The findings that ribosomal genes are mutated in DBA, and that activation of p53 is essential for the effects of ribosome dysfunction, have generated hypotheses about small molecules that might be beneficial for patients with DBA. Current therapies include red blood cell transfusions, the use of corticosteroids to improve erythropoiesis, and bone marrow transplantation. Novel therapeutic agents that promote erythroid proliferation and differentiation, improve ribosome function or inhibit p53 activation, are currently being investigated. Anupama Narla, Adrianna Vlachos, and David Nathan describe the current therapeutic approaches to DBA, review other therapies that have been tested, and describe novel therapies that have potential to be of benefit for patients with DBA.

The development of animal models, including both murine and zebrafish models of ribosome dysfunction, will facilitate the pre-clinical testing of novel therapies. Kelly McGowan and Philip Mason illustrate the insights yielded from animal models of Diamond Blackfan anemia, and Alison Taylor and Leonard Zon focus on zebrafish models of Diamond Blackfan anemia, describing the power of these models, from the elucidation of developmental hematopoiesis through small molecule screening for new therapeutic agents.

Diamond Blackfan anemia is a founding member of a collection of disorders, ribosomopathies that are linked by ribosome dysfunction.⁴ Somatic deletion of chromosome 5q in myelodysplastic syndrome results in haploinsufficiency for RPS14, a ribosomal protein gene, causing an acquired macrocytic anemia analogous to DBA. Ribosomal dysfunction has been linked to several other congenital syndromes, including Shwachman Diamond syndrome, Treacher Collins syndrome, and dyskeratosis congenita. Progress in understanding the molecular basis of DBA therefore has the potential to inform the biology and treatment of other human disorders as well. In this volume, Nicholas Burwick, Akiko Shimamura, and Johnson Liu provide the considerable evidence that ribosome dysfunction plays a critical role in the pathophysiology of diseases other than DBA, with a focus on the 5q- syndrome and Shwachman-Diamond syndrome.

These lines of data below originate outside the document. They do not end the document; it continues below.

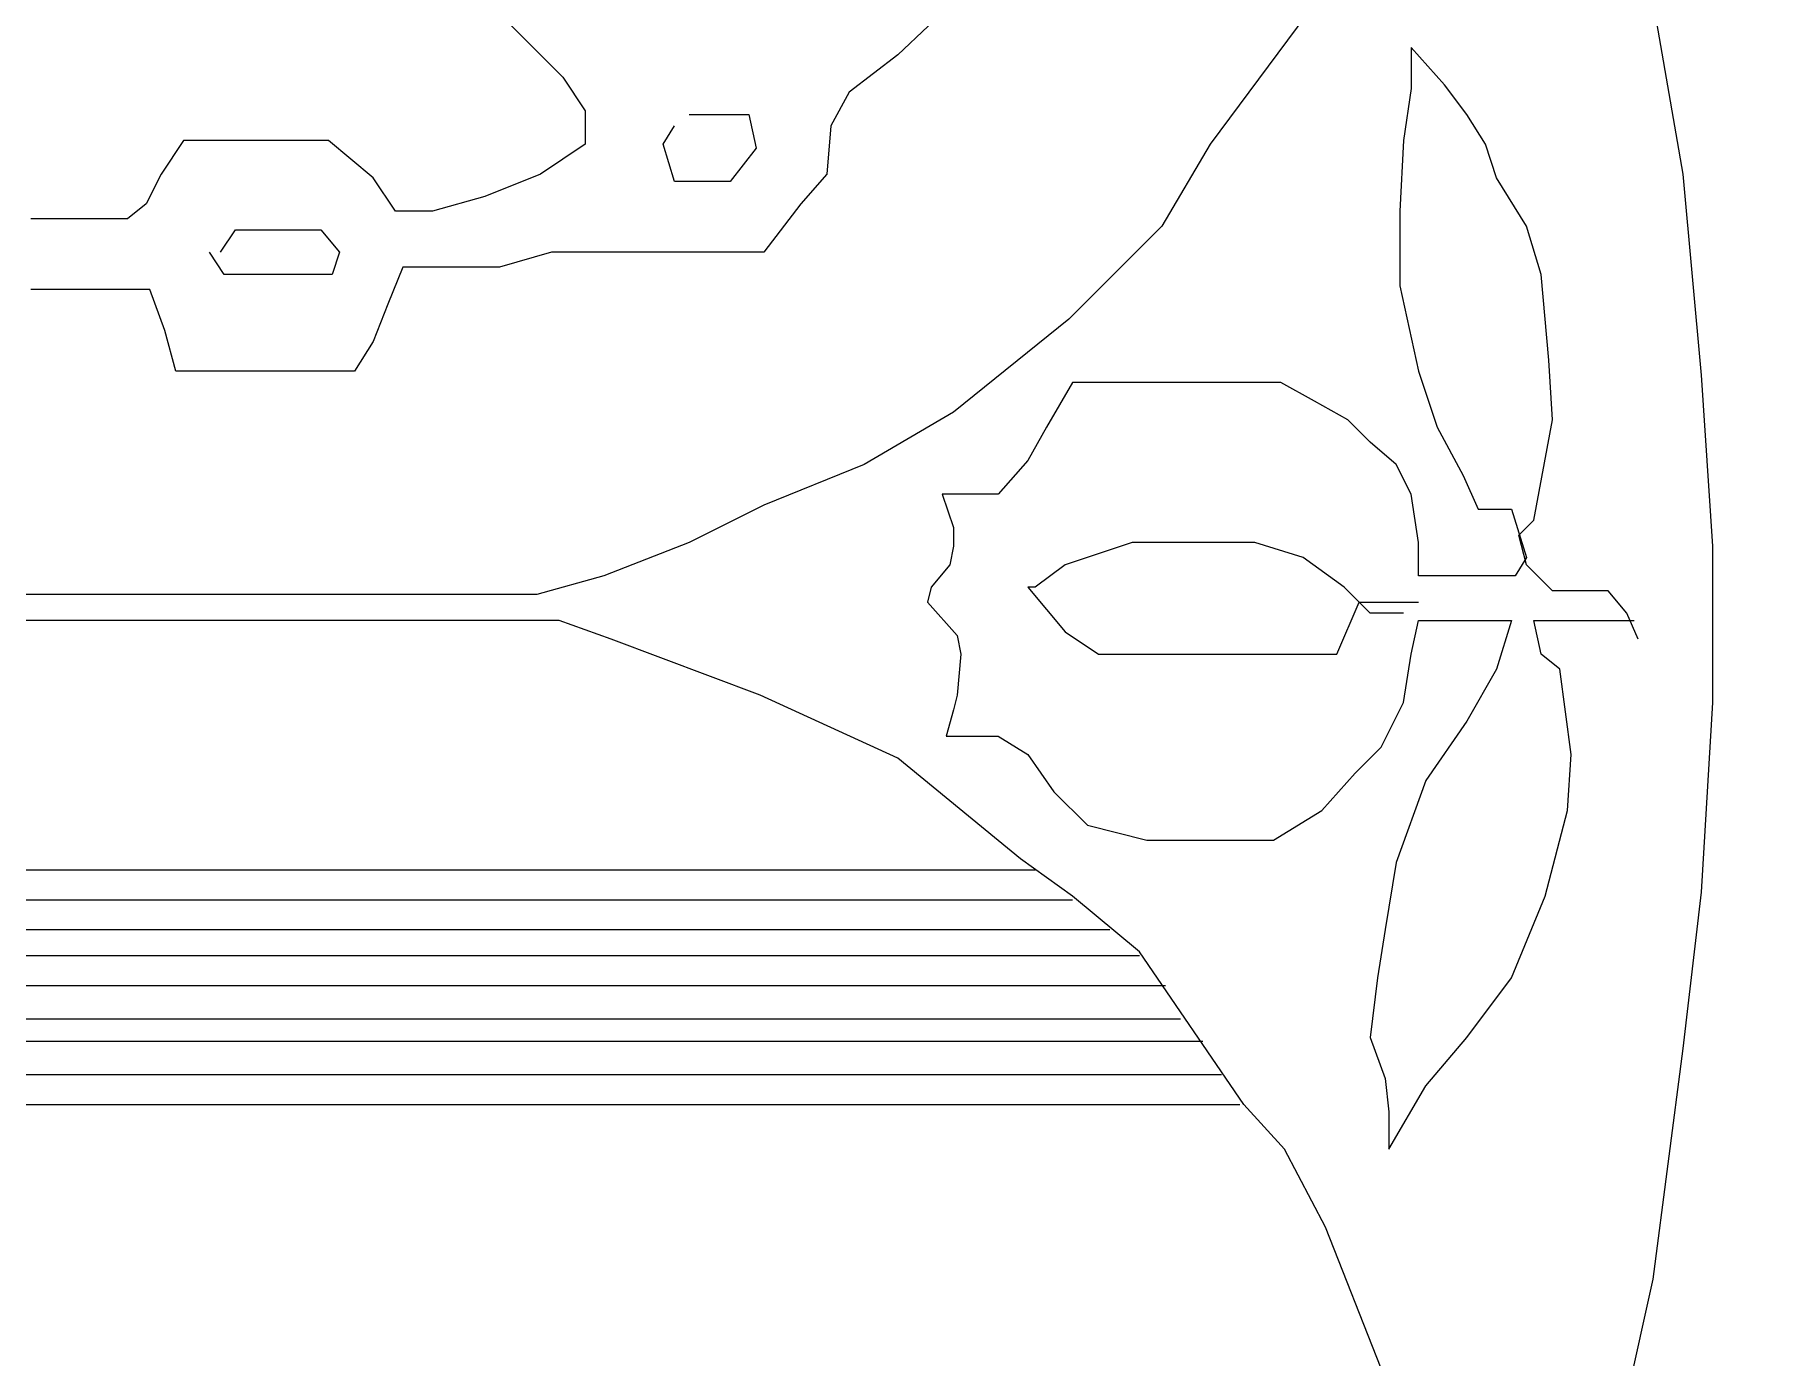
# Model space of a CAD drawing. Extents: x 729854 to 730444, y 4373781 to 4374808.
# Drawn here: x 729895.81 to 729900.449, y 4374640.15 to 4374643.705 of the extents above; entities that cross this region are included whole.
import ezdxf

# ---------------------------------------------------------------- set-up
doc = ezdxf.new("R2010")
doc.units = 0
doc.layers.get('0').update_dxf_attribs({"linetype": 'CONTINUOUS'})

msp = doc.modelspace()

# ---------------------------------------------------------------- linework, layer by layer
at = {"color": 0, "linetype": 'CONTINUOUS'}
for p, q in [((729898.33, 4374643.84), (729898.13, 4374643.65)), ((729898.33, 4374643.84), (729898.13, 4374643.65)), ((729900.15, 4374643.85), (729900.24, 4374643.33)), ((729900.15, 4374643.85), (729900.24, 4374643.33)), ((729899.23, 4374643.76), (729898.97, 4374643.41)), ((729899.23, 4374643.76), (729898.97, 4374643.41)), ((729897.08, 4374643.74), (729897.17, 4374643.65)), ((729897.08, 4374643.74), (729897.17, 4374643.65)), ((729897.17, 4374643.65), (729897.23, 4374643.59)), ((729897.17, 4374643.65), (729897.23, 4374643.59)), ((729898.13, 4374643.65), (729898, 4374643.55)), ((729898.13, 4374643.65), (729898, 4374643.55)), ((729899.6, 4374643.57), (729899.51, 4374643.67)), ((729899.51, 4374643.67), (729899.51, 4374643.56)), ((729899.6, 4374643.57), (729899.51, 4374643.67)), ((729899.51, 4374643.67), (729899.51, 4374643.56)), ((729897.23, 4374643.59), (729897.29, 4374643.5)), ((729897.23, 4374643.59), (729897.29, 4374643.5)), ((729899.51, 4374643.56), (729899.49, 4374643.42)), ((729899.51, 4374643.56), (729899.49, 4374643.42)), ((729899.66, 4374643.49), (729899.6, 4374643.57)), ((729899.66, 4374643.49), (729899.6, 4374643.57)), ((729898, 4374643.55), (729897.95, 4374643.46)), ((729898, 4374643.55), (729897.95, 4374643.46)), ((729897.29, 4374643.5), (729897.29, 4374643.41)), ((729897.29, 4374643.5), (729897.29, 4374643.41)), ((729897.57, 4374643.49), (729897.61, 4374643.49)), ((729897.57, 4374643.49), (729897.61, 4374643.49)), ((729897.61, 4374643.49), (729897.73, 4374643.49)), ((729897.61, 4374643.49), (729897.73, 4374643.49)), ((729897.73, 4374643.49), (729897.75, 4374643.4)), ((729897.73, 4374643.49), (729897.75, 4374643.4)), ((729899.71, 4374643.41), (729899.66, 4374643.49)), ((729899.71, 4374643.41), (729899.66, 4374643.49)), ((729896.21, 4374643.42), (729896.15, 4374643.33)), ((729896.21, 4374643.42), (729896.15, 4374643.33)), ((729896.32, 4374643.42), (729896.21, 4374643.42)), ((729896.32, 4374643.42), (729896.21, 4374643.42)), ((729896.42, 4374643.42), (729896.32, 4374643.42)), ((729896.42, 4374643.42), (729896.32, 4374643.42)), ((729896.6, 4374643.42), (729896.42, 4374643.42)), ((729896.6, 4374643.42), (729896.42, 4374643.42)), ((729896.72, 4374643.32), (729896.6, 4374643.42)), ((729896.72, 4374643.32), (729896.6, 4374643.42)), ((729897.5, 4374643.41), (729897.53, 4374643.46)), ((729897.5, 4374643.41), (729897.53, 4374643.46)), ((729897.95, 4374643.46), (729897.94, 4374643.33)), ((729897.95, 4374643.46), (729897.94, 4374643.33)), ((729899.49, 4374643.42), (729899.48, 4374643.23)), ((729899.49, 4374643.42), (729899.48, 4374643.23)), ((729897.29, 4374643.41), (729897.17, 4374643.33)), ((729897.29, 4374643.41), (729897.17, 4374643.33)), ((729897.53, 4374643.31), (729897.5, 4374643.41)), ((729897.53, 4374643.31), (729897.5, 4374643.41)), ((729897.75, 4374643.4), (729897.68, 4374643.31)), ((729897.75, 4374643.4), (729897.68, 4374643.31)), ((729898.97, 4374643.41), (729898.84, 4374643.19)), ((729898.97, 4374643.41), (729898.84, 4374643.19)), ((729899.74, 4374643.32), (729899.71, 4374643.41)), ((729899.74, 4374643.32), (729899.71, 4374643.41)), ((729896.15, 4374643.33), (729896.11, 4374643.25)), ((729896.15, 4374643.33), (729896.11, 4374643.25)), ((729897.17, 4374643.33), (729897.02, 4374643.27)), ((729897.17, 4374643.33), (729897.02, 4374643.27)), ((729897.94, 4374643.33), (729897.87, 4374643.25)), ((729897.94, 4374643.33), (729897.87, 4374643.25)), ((729900.24, 4374643.33), (729900.29, 4374642.79)), ((729900.24, 4374643.33), (729900.29, 4374642.79)), ((729896.78, 4374643.23), (729896.72, 4374643.32)), ((729896.78, 4374643.23), (729896.72, 4374643.32)), ((729897.57, 4374643.31), (729897.53, 4374643.31)), ((729897.57, 4374643.31), (729897.53, 4374643.31)), ((729897.62, 4374643.31), (729897.57, 4374643.31)), ((729897.62, 4374643.31), (729897.57, 4374643.31)), ((729897.68, 4374643.31), (729897.62, 4374643.31)), ((729897.68, 4374643.31), (729897.62, 4374643.31)), ((729899.82, 4374643.19), (729899.74, 4374643.32)), ((729899.82, 4374643.19), (729899.74, 4374643.32)), ((729896.11, 4374643.25), (729896.06, 4374643.21)), ((729896.11, 4374643.25), (729896.06, 4374643.21)), ((729897.02, 4374643.27), (729896.88, 4374643.23)), ((729897.02, 4374643.27), (729896.88, 4374643.23)), ((729897.87, 4374643.25), (729897.77, 4374643.12)), ((729897.87, 4374643.25), (729897.77, 4374643.12)), ((729895.97, 4374643.21), (729895.8, 4374643.21)), ((729895.97, 4374643.21), (729895.8, 4374643.21)), ((729896.06, 4374643.21), (729895.97, 4374643.21)), ((729896.06, 4374643.21), (729895.97, 4374643.21)), ((729896.88, 4374643.23), (729896.78, 4374643.23)), ((729896.88, 4374643.23), (729896.78, 4374643.23)), ((729898.84, 4374643.19), (729898.59, 4374642.94)), ((729898.84, 4374643.19), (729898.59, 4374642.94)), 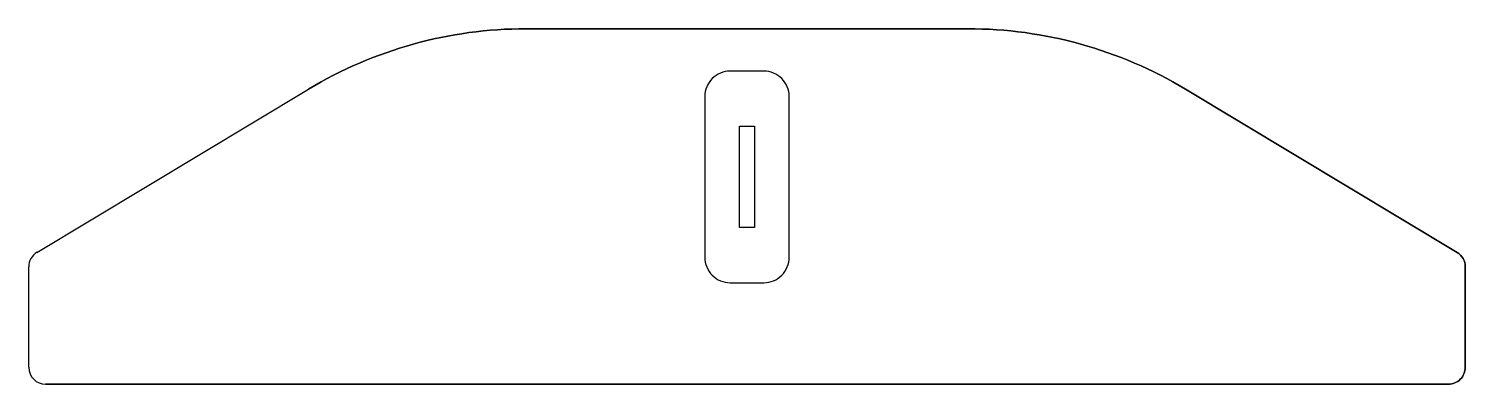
# Model space of a CAD drawing. Header units: inches. Extents: x -85 to 85, y -25 to 18.
import ezdxf

# ---------------------------------------------------------------- set-up
doc = ezdxf.new("R2010")
doc.units = ezdxf.units.IN
doc.header["$MEASUREMENT"] = 0
doc.layers.add('MODELSKETCH_VISIBLE', color=7, linetype='CONTINUOUS')

msp = doc.modelspace()

# ---------------------------------------------------------------- linework, layer by layer
at = {"layer": 'MODELSKETCH_VISIBLE'}
for p, q in [((-84.03, -8.92), (-51.88, 10.37)), ((-84.03, -8.92), (-51.88, 10.37)), ((-85, -22.5), (-85, -10.63)), ((-85, -22.5), (-85, -10.63))]:
    msp.add_line(p, q, dxfattribs=at)
for points in [[(51.88, 10.37), (84.03, -8.92), (51.88, 10.37, 0.135933), (26.15, 17.5), (-26.15, 17.5, 0.135933), (-51.88, 10.37, -0.135933), (-26.15, 17.5), (26.15, 17.5, -0.135933)], [(5, 9.5, 0.414214), (2, 12.5), (-2, 12.5, 0.414214), (-5, 9.5), (-5, -9.5, 0.414214), (-2, -12.5), (2, -12.5, 0.414214), (5, -9.5)], [(85, -22.5), (85, -10.63, 0.263447), (84.03, -8.92, -0.263447), (85, -10.63)], [(83, -24.5, 0.414214), (85, -22.5, -0.414214)]]:
    msp.add_lwpolyline(points, format="xyb", close=True, dxfattribs=at)
for points in [[(-0.89, 6), (0.88, 6), (0.88, -6), (-0.89, -6)], [(83, -24.5), (-83, -24.5)]]:
    msp.add_lwpolyline(points, close=True, dxfattribs=at)
for centre, start, end in [((-83, -10.63), 120.9638, 180), ((-83, -10.63), 120.9638, 180), ((-83, -22.5), 180, 270), ((-83, -22.5), 180, 270)]:
    msp.add_arc(centre, 2, start, end, dxfattribs=at)

doc.saveas('drawing.dxf')

The first article in this issue of Seminars in Hematology, by Marie Arturi, provides a unique description of patient advocacy. Marie Arturi, and her family, have galvanized the field through meetings, fundraising for the Daniella Maria Arturi Foundation, patient advocacy, and political lobbying. Her story is an impressive example of the impact of an individual on research into a disease that has affected her family. Due largely to her efforts, the physicians and scientists who attend her meetings frequently describe themselves as members of the DBA family of researchers. The DBA meetings have forged countless collaborations, attracted investigators to the field, and facilitated numerous scientific insights. Marie Arturi's story serves as a representative model of the powerful relationships that can be forged through dedicated and intelligent advocacy.

In aggregate, this set of articles describes the substantial body of research, much of which has been generated over the past 5 years, that has transformed our understanding of DBA. The authors also highlight the many fundamental questions that remain unanswered. The promise of translating recent discoveries into improved therapies is beginning to be tested and will hopefully lead to clinically meaningful progress in the near future.